The UCLA Anderson Forecast group forecasts another rocky year for 2010. The group believes that the unemployment rate will peak at about 10.5% in Q1 and remain at or above 10% for almost all of next year.
2. IT spending ticks upwards―a bit. IDC believes that worldwide IT spending will rebound in 2010. The analyst firm sees 3.2% growth for the year, returning the industry to 2008 spending levels of about $1.5 trillion.
Gartner also sees an IT spending increase. (I should note here that IDC and Gartner measure this market differently. Although the percentage increase is practically the same, the raw dollars are larger for Gartner, forecasting a worldwide growth of 3.3%, translating into spending of $3.3 trillion.)
“2010 is about balancing the focus on cost, risk, and growth. For more than 50% of CIOs the IT budget will be zero percent or less in growth terms,” said Peter Sondergaard, senior VP at Gartner and global head of Research. “It will only slowly improve in 2011.”
Foote Partners is equally cautious, believing that IT job growth will stay flat for most of the year, perhaps picking up in Q4. In other words, …

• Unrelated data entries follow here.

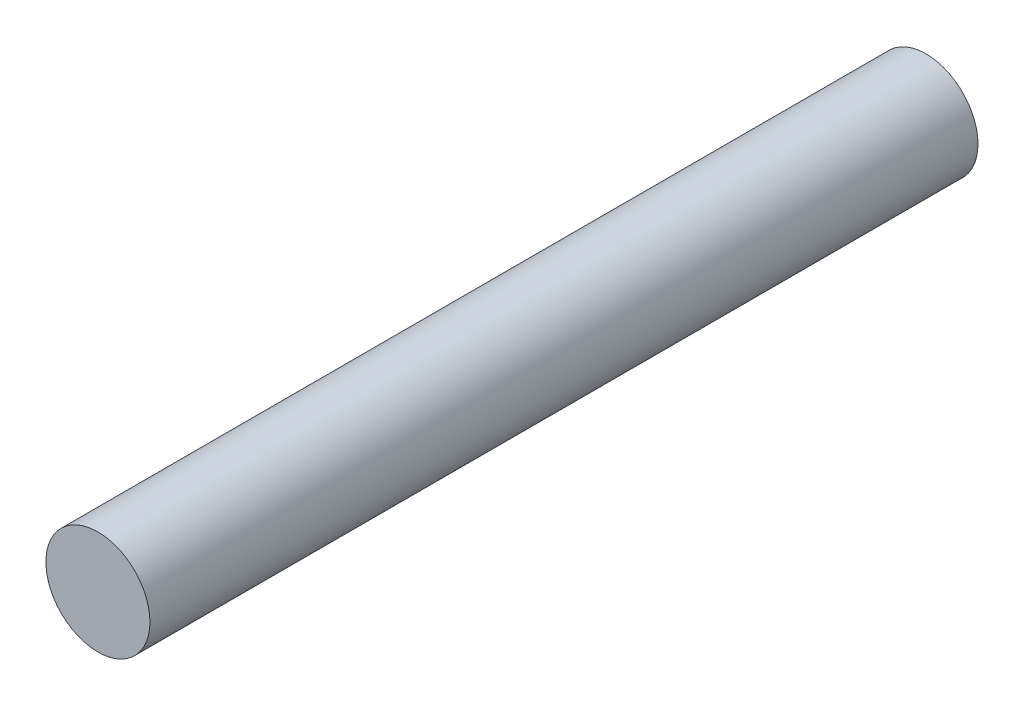
ISO-10303-21;
HEADER;
FILE_DESCRIPTION(('STEP AP214'),'2;1');
FILE_NAME('part.step','',(''),(''),'','','');
FILE_SCHEMA(('AUTOMOTIVE_DESIGN { 1 0 10303 214 1 1 1 1 }'));
ENDSEC;
DATA;
#1=APPLICATION_CONTEXT('core data for automotive mechanical design processes');
#2=APPLICATION_PROTOCOL_DEFINITION('international standard','automotive_design',2000,#1);
#3=PRODUCT_CONTEXT('',#1,'mechanical');
#4=PRODUCT('Part','Part','',(#3));
#5=PRODUCT_RELATED_PRODUCT_CATEGORY('part','',(#4));
#6=PRODUCT_DEFINITION_FORMATION('','',#4);
#7=PRODUCT_DEFINITION_CONTEXT('part definition',#1,'design');
#8=PRODUCT_DEFINITION('design','',#6,#7);
#9=PRODUCT_DEFINITION_SHAPE('','',#8);
#10=(LENGTH_UNIT() NAMED_UNIT(*) SI_UNIT(.MILLI.,.METRE.));
#11=(NAMED_UNIT(*) PLANE_ANGLE_UNIT() SI_UNIT($,.RADIAN.));
#12=(NAMED_UNIT(*) SI_UNIT($,.STERADIAN.) SOLID_ANGLE_UNIT());
#13=UNCERTAINTY_MEASURE_WITH_UNIT(LENGTH_MEASURE(1.E-05),#10,'distance_accuracy_value','');
#14=(GEOMETRIC_REPRESENTATION_CONTEXT(3) GLOBAL_UNCERTAINTY_ASSIGNED_CONTEXT((#13)) GLOBAL_UNIT_ASSIGNED_CONTEXT((#10,
#11,#12)) REPRESENTATION_CONTEXT('',''));
#15=CARTESIAN_POINT('',(0.,0.,0.));
#16=DIRECTION('',(0.,0.,1.));
#17=DIRECTION('',(1.,0.,0.));
#18=AXIS2_PLACEMENT_3D('',#15,#16,#17);
#19=CARTESIAN_POINT('',(0.,0.,50.52949));
#20=DIRECTION('',(0.,0.,-1.));
#21=DIRECTION('',(-1.,0.,0.));
#22=AXIS2_PLACEMENT_3D('',#19,#20,#21);
#23=CYLINDRICAL_SURFACE('',#22,3.175);
#24=CARTESIAN_POINT('',(0.,0.,50.52949));
#25=DIRECTION('',(0.,0.,1.));
#26=DIRECTION('',(1.,0.,0.));
#27=AXIS2_PLACEMENT_3D('',#24,#25,#26);
#28=CIRCLE('',#27,3.175);
#29=CARTESIAN_POINT('',(3.175,0.,50.52949));
#30=VERTEX_POINT('',#29);
#31=EDGE_CURVE('E10',#30,#30,#28,.T.);
#32=ORIENTED_EDGE('',*,*,#31,.F.);
#33=EDGE_LOOP('',(#32));
#34=FACE_BOUND('',#33,.T.);
#35=CARTESIAN_POINT('',(0.,0.,0.));
#36=DIRECTION('',(0.,0.,1.));
#37=DIRECTION('',(1.,0.,0.));
#38=AXIS2_PLACEMENT_3D('',#35,#36,#37);
#39=CIRCLE('',#38,3.175);
#40=CARTESIAN_POINT('',(3.175,0.,0.));
#41=VERTEX_POINT('',#40);
#42=EDGE_CURVE('E35',#41,#41,#39,.T.);
#43=ORIENTED_EDGE('',*,*,#42,.T.);
#44=EDGE_LOOP('',(#43));
#45=FACE_BOUND('',#44,.T.);
#46=ADVANCED_FACE('F32',(#34,#45),#23,.T.);
#47=CARTESIAN_POINT('',(0.,0.,50.52949));
#48=DIRECTION('',(0.,0.,1.));
#49=DIRECTION('',(1.,0.,0.));
#50=AXIS2_PLACEMENT_3D('',#47,#48,#49);
#51=PLANE('',#50);
#52=ORIENTED_EDGE('',*,*,#31,.T.);
#53=EDGE_LOOP('',(#52));
#54=FACE_BOUND('',#53,.T.);
#55=ADVANCED_FACE('F47',(#54),#51,.T.);
#56=CARTESIAN_POINT('',(0.,0.,0.));
#57=DIRECTION('',(0.,0.,1.));
#58=DIRECTION('',(1.,0.,0.));
#59=AXIS2_PLACEMENT_3D('',#56,#57,#58);
#60=PLANE('',#59);
#61=ORIENTED_EDGE('',*,*,#42,.F.);
#62=EDGE_LOOP('',(#61));
#63=FACE_BOUND('',#62,.T.);
#64=ADVANCED_FACE('F45',(#63),#60,.F.);
#65=CLOSED_SHELL('',(#46,#55,#64));
#66=MANIFOLD_SOLID_BREP('B2',#65);
#67=ADVANCED_BREP_SHAPE_REPRESENTATION('',(#18,#66),#14);
#68=SHAPE_DEFINITION_REPRESENTATION(#9,#67);
ENDSEC;
END-ISO-10303-21;

3. Good news about IT spending may not translate to good news about IT jobs. One of the silver linings of recessions is they often speed innovation. IT has been undergoing an automation trend for several years, but automation often comes at the expense of labor. Two factors may accelerate the pace of automation in the coming years: First, automation saves organizations money, and anything that benefits the bottom line looks good in hard times.
Second, compliance is becoming a bigger and bigger issue for IT departments. HIPPA is beyond its grace period, with fines kicking in for noncompliance, while fines are set to increase with PCI DSS. The largest cost of compliance for most organizations is the audit itself, both internal and external. Without adopting things like document and data controls, and automating many of the process around document and data creation, storage and collaboration, compliance will be costly.
Automation will be one of the things that companies can no longer afford to ignore.
From an employment perspective, though, automation translates into fewer jobs. All of those hours spent auditing spreadsheets add up. Sure, there will be some jobs created around compliance. There are new C-level compliance officers at many large organizations, but those gains won’t offset the larger IT losses.